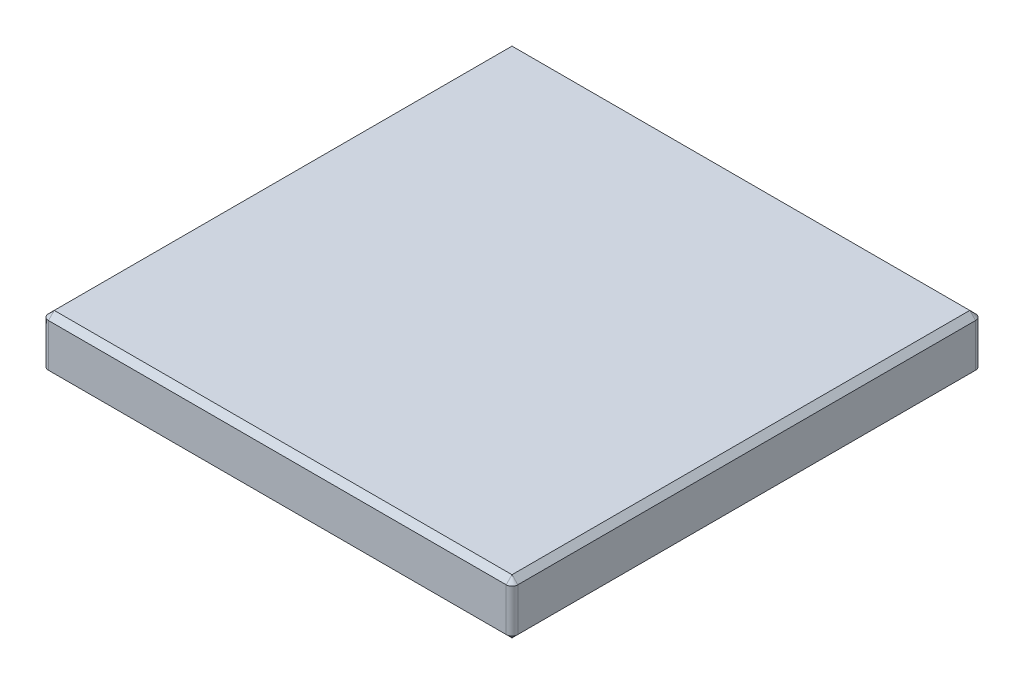
from build123d import *

# Parameters (mm, degrees)
SKETCH1_W           = 403
SKETCH1_H           = 403
BOSS_EXTRUDE1_DEPTH = 47
FILLET1_R           = 5
CHAMFER1_SIZE       = 5


with BuildPart() as part:
    # Sketch1 → Boss-Extrude1 (new body)
    with BuildSketch(Plane(origin=(0, 0, 0), x_dir=(1, 0, 0), z_dir=(0, 1, 0))):
        Rectangle(SKETCH1_W, SKETCH1_H)
    extrude(amount=BOSS_EXTRUDE1_DEPTH)

    # Fillet1
    fillet1_edges = [part.edges().sort_by_distance(p)[0] for p in [
        (201.5, 23.5, 201.5),
        (-201.5, 23.5, 201.5),
        (-201.5, 23.5, -201.5),
        (201.5, 23.5, -201.5),
    ]]
    fillet(fillet1_edges, radius=FILLET1_R)

    # Chamfer1
    chamfer1_edges = [part.edges().sort_by_distance(p)[0] for p in [
        (0, 0, -201.5),
        (0, 47, -201.5),
        (201.5, 0, 0),
        (0, 0, 201.5),
        (-201.5, 0, 0),
        (-200.035533906, 0, 200.035533906),
        (-200.035533906, 0, -200.035533906),
        (200.035533906, 0, 200.035533906),
        (200.035533906, 0, -200.035533906),
        (201.5, 47, 0),
        (-201.5, 47, 0),
        (0, 47, 201.5),
        (-200.035533906, 47, 200.035533906),
        (-200.035533906, 47, -200.035533906),
        (200.035533906, 47, 200.035533906),
        (200.035533906, 47, -200.035533906),
    ]]
    chamfer(chamfer1_edges, length=CHAMFER1_SIZE)


solid = part.part
*****
Assignment
Find every line above that contains the word "part", and return each one.

Written answer
with BuildPart() as part:
    fillet1_edges = [part.edges().sort_by_distance(p)[0] for p in [
    chamfer1_edges = [part.edges().sort_by_distance(p)[0] for p in [
solid = part.part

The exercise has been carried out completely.